We additionally calculated the standard deviation of Gaussians fit to either the left-hand side (LHS) or right-hand side (RHS) of the Gaussian mean at both walking speeds. This analysis serves to quantify any asymmetry in the Gaussian profile, which represents an interaction between walking speeds and the type of leading stimulus (auditory leading or visual leading stimulus pairs on the left and right, respectively). These tests of asymmetric fits revealed that on average, the synchrony functions were significantly wider to the right of the Gaussian mean (i.e., vision leading stimuli: RHS standard deviation M = 0.30, SD = .09) compared to the left of the Gaussian mean (i.e., auditory leading stimuli: LHS M = 0.18, SD = .04; t(20) = −6.76, p < .001, d = −1.48). A 2 × 2 repeated-measures ANOVA (slow/natural speed × auditory leading/visual leading standard deviation) indicated significant main effects for the left/right asymmetry (F(1,20) = 39.75, p < .001, η_p² = 0.67), and walking speed (F(1,20) = 12.59, p = .002, η_p² = .39), with no significant interaction (F(1,20) = 2.17, p = .16).

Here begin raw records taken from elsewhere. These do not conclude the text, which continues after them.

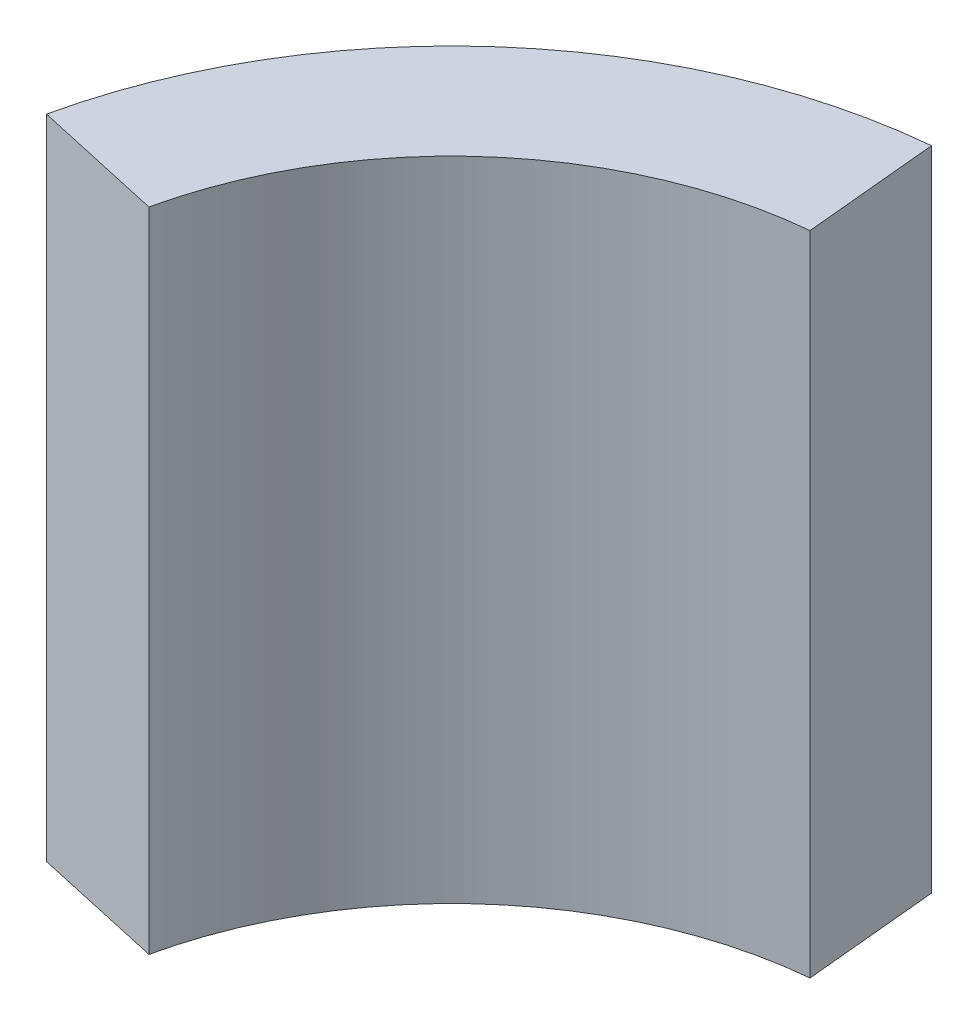
ISO-10303-21;
HEADER;
FILE_DESCRIPTION(('STEP AP214'),'2;1');
FILE_NAME('part.step','',(''),(''),'','','');
FILE_SCHEMA(('AUTOMOTIVE_DESIGN { 1 0 10303 214 1 1 1 1 }'));
ENDSEC;
DATA;
#1=APPLICATION_CONTEXT('core data for automotive mechanical design processes');
#2=APPLICATION_PROTOCOL_DEFINITION('international standard','automotive_design',2000,#1);
#3=PRODUCT_CONTEXT('',#1,'mechanical');
#4=PRODUCT('Part','Part','',(#3));
#5=PRODUCT_RELATED_PRODUCT_CATEGORY('part','',(#4));
#6=PRODUCT_DEFINITION_FORMATION('','',#4);
#7=PRODUCT_DEFINITION_CONTEXT('part definition',#1,'design');
#8=PRODUCT_DEFINITION('design','',#6,#7);
#9=PRODUCT_DEFINITION_SHAPE('','',#8);
#10=(LENGTH_UNIT() NAMED_UNIT(*) SI_UNIT(.MILLI.,.METRE.));
#11=(NAMED_UNIT(*) PLANE_ANGLE_UNIT() SI_UNIT($,.RADIAN.));
#12=(NAMED_UNIT(*) SI_UNIT($,.STERADIAN.) SOLID_ANGLE_UNIT());
#13=UNCERTAINTY_MEASURE_WITH_UNIT(LENGTH_MEASURE(1.E-05),#10,'distance_accuracy_value','');
#14=(GEOMETRIC_REPRESENTATION_CONTEXT(3) GLOBAL_UNCERTAINTY_ASSIGNED_CONTEXT((#13)) GLOBAL_UNIT_ASSIGNED_CONTEXT((#10,
#11,#12)) REPRESENTATION_CONTEXT('',''));
#15=CARTESIAN_POINT('',(0.,0.,0.));
#16=DIRECTION('',(0.,0.,1.));
#17=DIRECTION('',(1.,0.,0.));
#18=AXIS2_PLACEMENT_3D('',#15,#16,#17);
#19=CARTESIAN_POINT('',(-28.4392059626928,48.,-2.1100167731214));
#20=DIRECTION('',(0.,-1.,0.));
#21=DIRECTION('',(0.,0.,-1.));
#22=AXIS2_PLACEMENT_3D('',#19,#20,#21);
#23=CYLINDRICAL_SURFACE('',#22,29.522);
#24=CARTESIAN_POINT('',(-28.4392059626928,0.,-2.1100167731214));
#25=DIRECTION('',(0.,1.,0.));
#26=DIRECTION('',(0.,0.,1.));
#27=AXIS2_PLACEMENT_3D('',#24,#25,#26);
#28=CIRCLE('',#27,29.522);
#29=CARTESIAN_POINT('',(-31.2353905359296,0.,-31.4992977413995));
#30=VERTEX_POINT('',#29);
#31=CARTESIAN_POINT('',(-57.2610189937154,0.,-8.50154066064409));
#32=VERTEX_POINT('',#31);
#33=EDGE_CURVE('E98',#30,#32,#28,.T.);
#34=ORIENTED_EDGE('',*,*,#33,.F.);
#35=DIRECTION('',(0.,-1.,0.));
#36=VECTOR('',#35,1.);
#37=CARTESIAN_POINT('',(-31.2353905359296,48.,-31.4992977413995));
#38=LINE('',#37,#36);
#39=CARTESIAN_POINT('',(-31.2353905359296,48.,-31.4992977413995));
#40=VERTEX_POINT('',#39);
#41=EDGE_CURVE('E11',#40,#30,#38,.T.);
#42=ORIENTED_EDGE('',*,*,#41,.F.);
#43=CARTESIAN_POINT('',(-28.4392059626928,48.,-2.1100167731214));
#44=DIRECTION('',(0.,1.,0.));
#45=DIRECTION('',(0.,0.,1.));
#46=AXIS2_PLACEMENT_3D('',#43,#44,#45);
#47=CIRCLE('',#46,29.522);
#48=CARTESIAN_POINT('',(-57.2610189937154,48.,-8.50154066064409));
#49=VERTEX_POINT('',#48);
#50=EDGE_CURVE('E86',#40,#49,#47,.T.);
#51=ORIENTED_EDGE('',*,*,#50,.T.);
#52=DIRECTION('',(0.,-1.,0.));
#53=VECTOR('',#52,1.);
#54=CARTESIAN_POINT('',(-57.2610189937154,48.,-8.50154066064409));
#55=LINE('',#54,#53);
#56=EDGE_CURVE('E75',#49,#32,#55,.T.);
#57=ORIENTED_EDGE('',*,*,#56,.T.);
#58=EDGE_LOOP('',(#34,#42,#51,#57));
#59=FACE_BOUND('',#58,.T.);
#60=ADVANCED_FACE('F36',(#59),#23,.F.);
#61=CARTESIAN_POINT('',(-31.1217507617976,48.,-30.3048836858365));
#62=DIRECTION('',(-0.995504431581413,0.,0.0947149761218784));
#63=DIRECTION('',(0.0947149761218784,0.,0.995504431581413));
#64=AXIS2_PLACEMENT_3D('',#61,#62,#63);
#65=PLANE('',#64);
#66=DIRECTION('',(-0.0947149761218784,0.,-0.995504431581413));
#67=VECTOR('',#66,1.);
#68=CARTESIAN_POINT('',(-31.1217507617976,0.,-30.3048836858365));
#69=LINE('',#68,#67);
#70=CARTESIAN_POINT('',(-32.1825376380945,0.,-41.4543141091525));
#71=VERTEX_POINT('',#70);
#72=EDGE_CURVE('E91',#30,#71,#69,.T.);
#73=ORIENTED_EDGE('',*,*,#72,.T.);
#74=DIRECTION('',(0.,-1.,0.));
#75=VECTOR('',#74,1.);
#76=CARTESIAN_POINT('',(-32.1825376380945,48.,-41.4543141091525));
#77=LINE('',#76,#75);
#78=CARTESIAN_POINT('',(-32.1825376380945,48.,-41.4543141091525));
#79=VERTEX_POINT('',#78);
#80=EDGE_CURVE('E44',#79,#71,#77,.T.);
#81=ORIENTED_EDGE('',*,*,#80,.F.);
#82=DIRECTION('',(-0.0947149761218784,0.,-0.995504431581413));
#83=VECTOR('',#82,1.);
#84=CARTESIAN_POINT('',(-31.1217507617976,48.,-30.3048836858365));
#85=LINE('',#84,#83);
#86=EDGE_CURVE('E81',#40,#79,#85,.T.);
#87=ORIENTED_EDGE('',*,*,#86,.F.);
#88=ORIENTED_EDGE('',*,*,#41,.T.);
#89=EDGE_LOOP('',(#73,#81,#87,#88));
#90=FACE_BOUND('',#89,.T.);
#91=ADVANCED_FACE('F89',(#90),#65,.F.);
#92=CARTESIAN_POINT('',(-28.4392123518056,48.,-2.10998796419189));
#93=DIRECTION('',(0.,-1.,0.));
#94=DIRECTION('',(0.,0.,-1.));
#95=AXIS2_PLACEMENT_3D('',#92,#93,#94);
#96=CYLINDRICAL_SURFACE('',#95,39.522);
#97=CARTESIAN_POINT('',(-28.4392123518056,0.,-2.10998796419189));
#98=DIRECTION('',(0.,1.,0.));
#99=DIRECTION('',(0.,0.,1.));
#100=AXIS2_PLACEMENT_3D('',#97,#98,#99);
#101=CIRCLE('',#100,39.522);
#102=CARTESIAN_POINT('',(-67.0235982334063,0.,-10.6676541261621));
#103=VERTEX_POINT('',#102);
#104=EDGE_CURVE('E68',#71,#103,#101,.T.);
#105=ORIENTED_EDGE('',*,*,#104,.T.);
#106=DIRECTION('',(0.,-1.,0.));
#107=VECTOR('',#106,1.);
#108=CARTESIAN_POINT('',(-67.0235982334063,48.,-10.6676541261621));
#109=LINE('',#108,#107);
#110=CARTESIAN_POINT('',(-67.0235982334063,48.,-10.6676541261621));
#111=VERTEX_POINT('',#110);
#112=EDGE_CURVE('E92',#111,#103,#109,.T.);
#113=ORIENTED_EDGE('',*,*,#112,.F.);
#114=CARTESIAN_POINT('',(-28.4392123518056,48.,-2.10998796419189));
#115=DIRECTION('',(0.,1.,0.));
#116=DIRECTION('',(0.,0.,1.));
#117=AXIS2_PLACEMENT_3D('',#114,#115,#116);
#118=CIRCLE('',#117,39.522);
#119=EDGE_CURVE('E85',#79,#111,#118,.T.);
#120=ORIENTED_EDGE('',*,*,#119,.F.);
#121=ORIENTED_EDGE('',*,*,#80,.T.);
#122=EDGE_LOOP('',(#105,#113,#120,#121));
#123=FACE_BOUND('',#122,.T.);
#124=ADVANCED_FACE('F93',(#123),#96,.T.);
#125=CARTESIAN_POINT('',(-89.194543440221,48.,-15.5869261521953));
#126=DIRECTION('',(0.216611345515596,0.,-0.976257919298954));
#127=DIRECTION('',(-0.976257919298954,0.,-0.216611345515596));
#128=AXIS2_PLACEMENT_3D('',#125,#126,#127);
#129=PLANE('',#128);
#130=DIRECTION('',(0.976257919298954,0.,0.216611345515596));
#131=VECTOR('',#130,1.);
#132=CARTESIAN_POINT('',(-89.194543440221,0.,-15.5869261521953));
#133=LINE('',#132,#131);
#134=EDGE_CURVE('E103',#103,#32,#133,.T.);
#135=ORIENTED_EDGE('',*,*,#134,.T.);
#136=ORIENTED_EDGE('',*,*,#56,.F.);
#137=DIRECTION('',(0.976257919298954,0.,0.216611345515596));
#138=VECTOR('',#137,1.);
#139=CARTESIAN_POINT('',(-89.194543440221,48.,-15.5869261521953));
#140=LINE('',#139,#138);
#141=EDGE_CURVE('E52',#111,#49,#140,.T.);
#142=ORIENTED_EDGE('',*,*,#141,.F.);
#143=ORIENTED_EDGE('',*,*,#112,.T.);
#144=EDGE_LOOP('',(#135,#136,#142,#143));
#145=FACE_BOUND('',#144,.T.);
#146=ADVANCED_FACE('F108',(#145),#129,.F.);
#147=CARTESIAN_POINT('',(-87.1108754130103,48.,-24.9779273848983));
#148=DIRECTION('',(0.,1.,0.));
#149=DIRECTION('',(0.,0.,1.));
#150=AXIS2_PLACEMENT_3D('',#147,#148,#149);
#151=PLANE('',#150);
#152=ORIENTED_EDGE('',*,*,#50,.F.);
#153=ORIENTED_EDGE('',*,*,#86,.T.);
#154=ORIENTED_EDGE('',*,*,#119,.T.);
#155=ORIENTED_EDGE('',*,*,#141,.T.);
#156=EDGE_LOOP('',(#152,#153,#154,#155));
#157=FACE_BOUND('',#156,.T.);
#158=ADVANCED_FACE('F83',(#157),#151,.T.);
#159=CARTESIAN_POINT('',(-87.1108754130103,0.,-24.9779273848983));
#160=DIRECTION('',(0.,1.,0.));
#161=DIRECTION('',(0.,0.,1.));
#162=AXIS2_PLACEMENT_3D('',#159,#160,#161);
#163=PLANE('',#162);
#164=ORIENTED_EDGE('',*,*,#33,.T.);
#165=ORIENTED_EDGE('',*,*,#134,.F.);
#166=ORIENTED_EDGE('',*,*,#104,.F.);
#167=ORIENTED_EDGE('',*,*,#72,.F.);
#168=EDGE_LOOP('',(#164,#165,#166,#167));
#169=FACE_BOUND('',#168,.T.);
#170=ADVANCED_FACE('F110',(#169),#163,.F.);
#171=CLOSED_SHELL('',(#60,#91,#124,#146,#158,#170));
#172=MANIFOLD_SOLID_BREP('B2',#171);
#173=ADVANCED_BREP_SHAPE_REPRESENTATION('',(#18,#172),#14);
#174=SHAPE_DEFINITION_REPRESENTATION(#9,#173);
ENDSEC;
END-ISO-10303-21;

In summary, audio-visual synchrony judgements are biased by whether the visual or auditory stimulus was leading in the pair, with visual leading stimuli perceived with poorer sensitivity. All stimulus pairs were impaired when walking slowly compared to when walking at a natural speed, an effect that was driven by an increase in the width of the synchrony function at slow walking speeds for visual-leading stimuli.

Slow Walking Increases Reaction Times

We next analysed whether walking speed and the modality of the leading stimulus also affected reaction times. While overall performance and reaction times often correlate in speeded tasks such as ours, they can offer unique and complementary information capturing distinct aspects of cognitive processes (De Boeck & Jeon, 2019). For example, a change in sensitivity without a change in reaction time could imply an objective increase in response error with no change in the perceived difficulty of the task (such as the misattribution of button-presses). Alternatively, a change in sensitivity and increase in reaction times could imply that walking slowly altered the perceived difficulty of the task, inducing a reaction time delay.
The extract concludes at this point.